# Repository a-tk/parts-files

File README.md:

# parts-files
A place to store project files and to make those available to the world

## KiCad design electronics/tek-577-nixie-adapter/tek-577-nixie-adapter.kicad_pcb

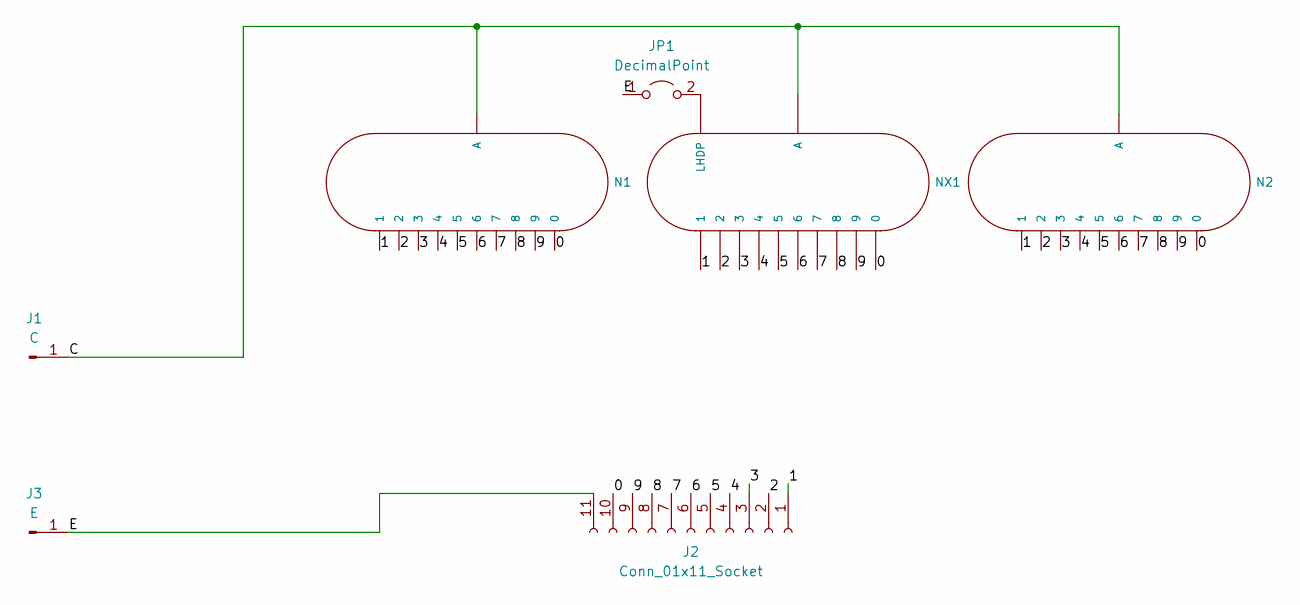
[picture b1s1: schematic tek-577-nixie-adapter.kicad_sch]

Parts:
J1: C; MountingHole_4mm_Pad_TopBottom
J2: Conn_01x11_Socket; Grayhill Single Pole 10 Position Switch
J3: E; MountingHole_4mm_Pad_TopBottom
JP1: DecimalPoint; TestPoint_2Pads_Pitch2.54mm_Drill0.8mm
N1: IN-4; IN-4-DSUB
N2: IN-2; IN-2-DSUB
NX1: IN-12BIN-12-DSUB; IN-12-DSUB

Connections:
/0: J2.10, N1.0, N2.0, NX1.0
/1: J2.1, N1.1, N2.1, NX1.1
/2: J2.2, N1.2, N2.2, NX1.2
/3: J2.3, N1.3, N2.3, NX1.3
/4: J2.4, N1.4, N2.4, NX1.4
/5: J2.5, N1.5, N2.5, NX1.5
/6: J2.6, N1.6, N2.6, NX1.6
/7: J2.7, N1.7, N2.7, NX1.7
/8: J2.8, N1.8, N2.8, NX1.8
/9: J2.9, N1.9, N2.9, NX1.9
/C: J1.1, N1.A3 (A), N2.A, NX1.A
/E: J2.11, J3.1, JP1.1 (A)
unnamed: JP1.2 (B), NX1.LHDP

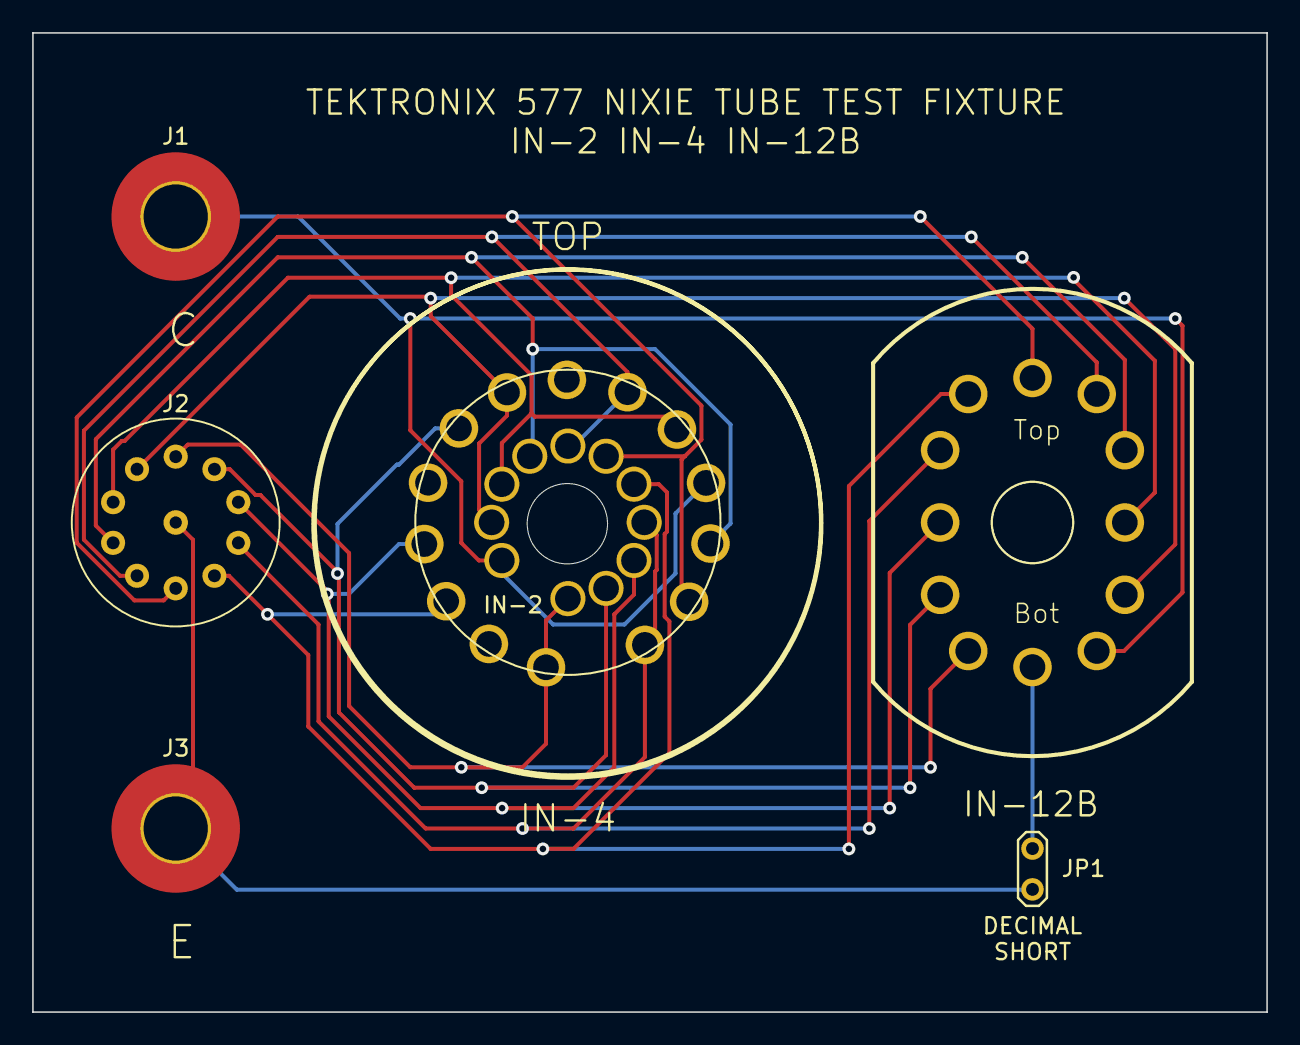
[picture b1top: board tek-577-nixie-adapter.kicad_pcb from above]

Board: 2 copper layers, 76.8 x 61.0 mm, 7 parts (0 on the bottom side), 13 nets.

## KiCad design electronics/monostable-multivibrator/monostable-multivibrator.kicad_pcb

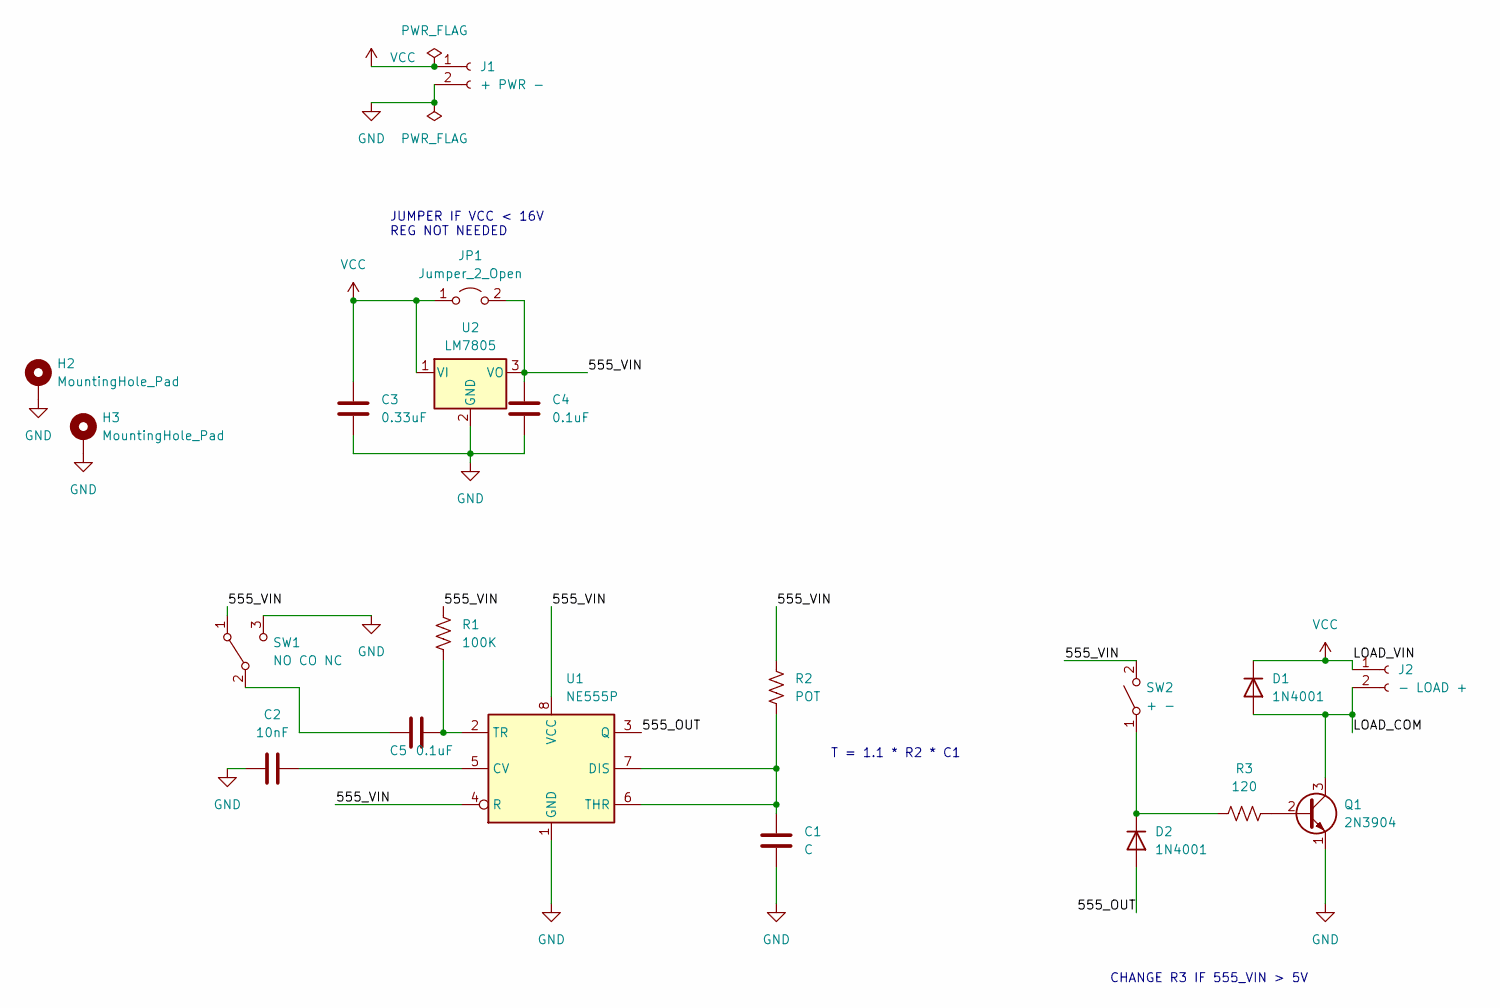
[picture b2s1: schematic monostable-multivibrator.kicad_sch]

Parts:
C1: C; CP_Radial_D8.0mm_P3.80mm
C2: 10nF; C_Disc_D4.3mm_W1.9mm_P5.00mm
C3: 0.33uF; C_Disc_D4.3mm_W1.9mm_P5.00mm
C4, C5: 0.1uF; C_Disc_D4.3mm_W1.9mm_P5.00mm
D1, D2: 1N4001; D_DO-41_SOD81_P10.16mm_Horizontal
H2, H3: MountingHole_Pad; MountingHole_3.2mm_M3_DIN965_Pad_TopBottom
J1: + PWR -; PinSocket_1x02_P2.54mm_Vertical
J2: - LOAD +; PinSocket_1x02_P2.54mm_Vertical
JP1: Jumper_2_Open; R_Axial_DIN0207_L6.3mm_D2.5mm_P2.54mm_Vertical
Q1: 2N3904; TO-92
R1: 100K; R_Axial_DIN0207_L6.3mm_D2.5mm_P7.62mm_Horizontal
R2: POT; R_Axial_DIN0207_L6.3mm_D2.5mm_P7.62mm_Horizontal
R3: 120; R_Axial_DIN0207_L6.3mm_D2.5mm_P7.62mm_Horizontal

◆ WHAT YOU ARE ASKED TO DO
Retype the entries exactly, skipping every picture.

◆ TASK RESPONSE
# Repository a-tk/parts-files

File README.md:

# parts-files
A place to store project files and to make those available to the world

## KiCad design electronics/tek-577-nixie-adapter/tek-577-nixie-adapter.kicad_pcb

[picture b1s1: schematic tek-577-nixie-adapter.kicad_sch]

Parts:
J1: C; MountingHole_4mm_Pad_TopBottom
J2: Conn_01x11_Socket; Grayhill Single Pole 10 Position Switch
J3: E; MountingHole_4mm_Pad_TopBottom
JP1: DecimalPoint; TestPoint_2Pads_Pitch2.54mm_Drill0.8mm
N1: IN-4; IN-4-DSUB
N2: IN-2; IN-2-DSUB
NX1: IN-12BIN-12-DSUB; IN-12-DSUB

Connections:
/0: J2.10, N1.0, N2.0, NX1.0
/1: J2.1, N1.1, N2.1, NX1.1
/2: J2.2, N1.2, N2.2, NX1.2
/3: J2.3, N1.3, N2.3, NX1.3
/4: J2.4, N1.4, N2.4, NX1.4
/5: J2.5, N1.5, N2.5, NX1.5
/6: J2.6, N1.6, N2.6, NX1.6
/7: J2.7, N1.7, N2.7, NX1.7
/8: J2.8, N1.8, N2.8, NX1.8
/9: J2.9, N1.9, N2.9, NX1.9
/C: J1.1, N1.A3 (A), N2.A, NX1.A
/E: J2.11, J3.1, JP1.1 (A)
unnamed: JP1.2 (B), NX1.LHDP

[picture b1top: board tek-577-nixie-adapter.kicad_pcb from above]

Board: 2 copper layers, 76.8 x 61.0 mm, 7 parts (0 on the bottom side), 13 nets.

## KiCad design electronics/monostable-multivibrator/monostable-multivibrator.kicad_pcb

[picture b2s1: schematic monostable-multivibrator.kicad_sch]

Parts:
C1: C; CP_Radial_D8.0mm_P3.80mm
C2: 10nF; C_Disc_D4.3mm_W1.9mm_P5.00mm
C3: 0.33uF; C_Disc_D4.3mm_W1.9mm_P5.00mm
C4, C5: 0.1uF; C_Disc_D4.3mm_W1.9mm_P5.00mm
D1, D2: 1N4001; D_DO-41_SOD81_P10.16mm_Horizontal
H2, H3: MountingHole_Pad; MountingHole_3.2mm_M3_DIN965_Pad_TopBottom
J1: + PWR -; PinSocket_1x02_P2.54mm_Vertical
J2: - LOAD +; PinSocket_1x02_P2.54mm_Vertical
JP1: Jumper_2_Open; R_Axial_DIN0207_L6.3mm_D2.5mm_P2.54mm_Vertical
Q1: 2N3904; TO-92
R1: 100K; R_Axial_DIN0207_L6.3mm_D2.5mm_P7.62mm_Horizontal
R2: POT; R_Axial_DIN0207_L6.3mm_D2.5mm_P7.62mm_Horizontal
R3: 120; R_Axial_DIN0207_L6.3mm_D2.5mm_P7.62mm_Horizontal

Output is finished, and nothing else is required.